Task description:
Give only the number of lines in the listing below where the string "wrap" occurs.

Dataset records:
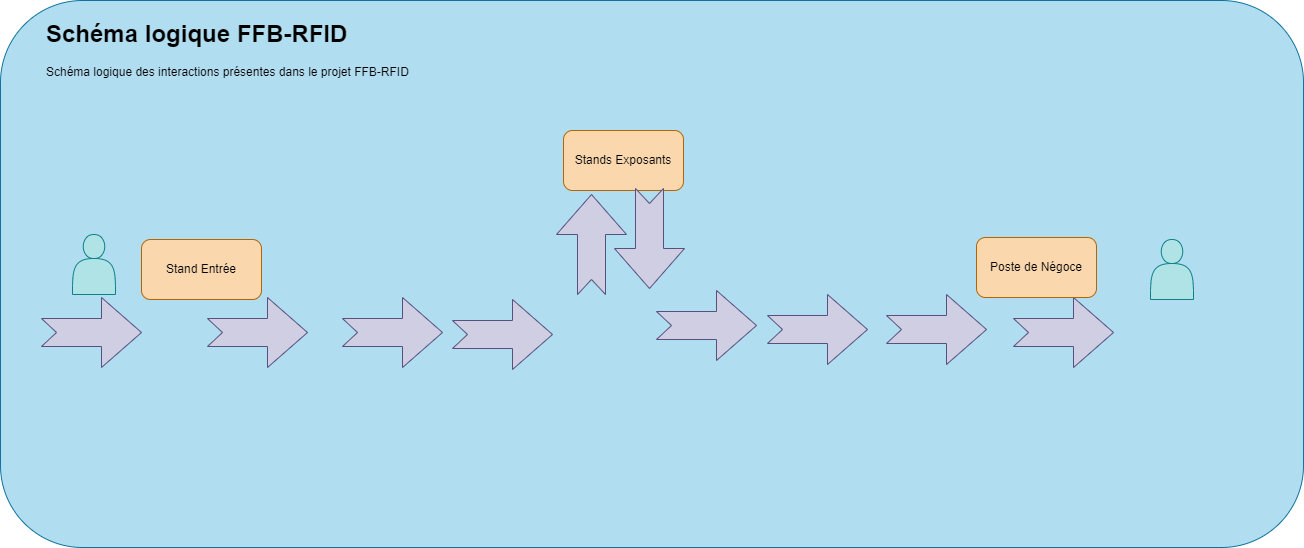

The diagram above was exported from draw.io. Its source (the exported page's mxGraphModel, read from the mxfile embedded in the PNG):
<mxGraphModel dx="1838" dy="889" grid="0" gridSize="10" guides="1" tooltips="1" connect="1" arrows="1" fold="1" page="0" pageScale="1" pageWidth="827" pageHeight="1169" math="0" shadow="0">
  <root>
    <mxCell id="0" />
    <mxCell id="1" parent="0" />
    <mxCell id="2" value="" style="rounded=1;whiteSpace=wrap;html=1;fillColor=#b1ddf0;strokeColor=#10739e;" parent="1" vertex="1">
      <mxGeometry x="114" y="42" width="1303" height="547" as="geometry" />
    </mxCell>
    <mxCell id="3" value="" style="shape=actor;whiteSpace=wrap;html=1;fillColor=#b0e3e6;strokeColor=#0e8088;" vertex="1" parent="1">
      <mxGeometry x="186" y="276" width="43" height="60" as="geometry" />
    </mxCell>
    <mxCell id="4" value="" style="html=1;shadow=0;dashed=0;align=center;verticalAlign=middle;shape=mxgraph.arrows2.arrow;dy=0.6;dx=40;notch=15;fillColor=#d0cee2;strokeColor=#56517e;" vertex="1" parent="1">
      <mxGeometry x="155" y="339" width="100" height="70" as="geometry" />
    </mxCell>
    <mxCell id="6" value="" style="html=1;shadow=0;dashed=0;align=center;verticalAlign=middle;shape=mxgraph.arrows2.arrow;dy=0.6;dx=40;notch=15;fillColor=#d0cee2;strokeColor=#56517e;" vertex="1" parent="1">
      <mxGeometry x="1127" y="339" width="100" height="70" as="geometry" />
    </mxCell>
    <mxCell id="7" value="Stand Entrée" style="rounded=1;whiteSpace=wrap;html=1;fillColor=#fad7ac;strokeColor=#b46504;" vertex="1" parent="1">
      <mxGeometry x="255" y="281" width="120" height="60" as="geometry" />
    </mxCell>
    <mxCell id="8" value="Poste de Négoce" style="rounded=1;whiteSpace=wrap;html=1;fillColor=#fad7ac;strokeColor=#b46504;" vertex="1" parent="1">
      <mxGeometry x="1090" y="279" width="120" height="60" as="geometry" />
    </mxCell>
    <mxCell id="9" value="Stands Exposants" style="rounded=1;whiteSpace=wrap;html=1;fillColor=#fad7ac;strokeColor=#b46504;" vertex="1" parent="1">
      <mxGeometry x="677" y="172" width="120" height="60" as="geometry" />
    </mxCell>
    <mxCell id="10" value="" style="html=1;shadow=0;dashed=0;align=center;verticalAlign=middle;shape=mxgraph.arrows2.arrow;dy=0.6;dx=40;notch=15;fillColor=#d0cee2;strokeColor=#56517e;" vertex="1" parent="1">
      <mxGeometry x="321" y="339" width="100" height="70" as="geometry" />
    </mxCell>
    <mxCell id="11" value="" style="html=1;shadow=0;dashed=0;align=center;verticalAlign=middle;shape=mxgraph.arrows2.arrow;dy=0.6;dx=40;notch=15;fillColor=#d0cee2;strokeColor=#56517e;" vertex="1" parent="1">
      <mxGeometry x="456" y="339" width="100" height="70" as="geometry" />
    </mxCell>
    <mxCell id="12" value="" style="html=1;shadow=0;dashed=0;align=center;verticalAlign=middle;shape=mxgraph.arrows2.arrow;dy=0.6;dx=40;notch=15;rotation=-90;fillColor=#d0cee2;strokeColor=#56517e;" vertex="1" parent="1">
      <mxGeometry x="655" y="251" width="100" height="70" as="geometry" />
    </mxCell>
    <mxCell id="13" value="" style="html=1;shadow=0;dashed=0;align=center;verticalAlign=middle;shape=mxgraph.arrows2.arrow;dy=0.6;dx=40;notch=15;rotation=90;fillColor=#d0cee2;strokeColor=#56517e;" vertex="1" parent="1">
      <mxGeometry x="713" y="245" width="100" height="70" as="geometry" />
    </mxCell>
    <mxCell id="14" value="" style="html=1;shadow=0;dashed=0;align=center;verticalAlign=middle;shape=mxgraph.arrows2.arrow;dy=0.6;dx=40;notch=15;fillColor=#d0cee2;strokeColor=#56517e;" vertex="1" parent="1">
      <mxGeometry x="566" y="341" width="100" height="70" as="geometry" />
    </mxCell>
    <mxCell id="15" value="" style="html=1;shadow=0;dashed=0;align=center;verticalAlign=middle;shape=mxgraph.arrows2.arrow;dy=0.6;dx=40;notch=15;fillColor=#d0cee2;strokeColor=#56517e;" vertex="1" parent="1">
      <mxGeometry x="1000" y="336" width="100" height="70" as="geometry" />
    </mxCell>
    <mxCell id="16" value="" style="html=1;shadow=0;dashed=0;align=center;verticalAlign=middle;shape=mxgraph.arrows2.arrow;dy=0.6;dx=40;notch=15;fillColor=#d0cee2;strokeColor=#56517e;" vertex="1" parent="1">
      <mxGeometry x="881" y="336" width="100" height="70" as="geometry" />
    </mxCell>
    <mxCell id="17" value="" style="html=1;shadow=0;dashed=0;align=center;verticalAlign=middle;shape=mxgraph.arrows2.arrow;dy=0.6;dx=40;notch=15;fillColor=#d0cee2;strokeColor=#56517e;" vertex="1" parent="1">
      <mxGeometry x="770" y="332" width="100" height="70" as="geometry" />
    </mxCell>
    <mxCell id="18" value="" style="shape=actor;whiteSpace=wrap;html=1;fillColor=#b0e3e6;strokeColor=#0e8088;" vertex="1" parent="1">
      <mxGeometry x="1264" y="281" width="43" height="60" as="geometry" />
    </mxCell>
    <mxCell id="19" value="&lt;h1&gt;Schéma logique FFB-RFID&lt;/h1&gt;&lt;div&gt;Schéma logique des interactions présentes dans le projet FFB-RFID&lt;/div&gt;" style="text;html=1;strokeColor=none;fillColor=none;spacing=5;spacingTop=-20;whiteSpace=wrap;overflow=hidden;rounded=0;" vertex="1" parent="1">
      <mxGeometry x="155" y="56" width="381" height="120" as="geometry" />
    </mxCell>
  </root>
</mxGraphModel>

Solved problem:
7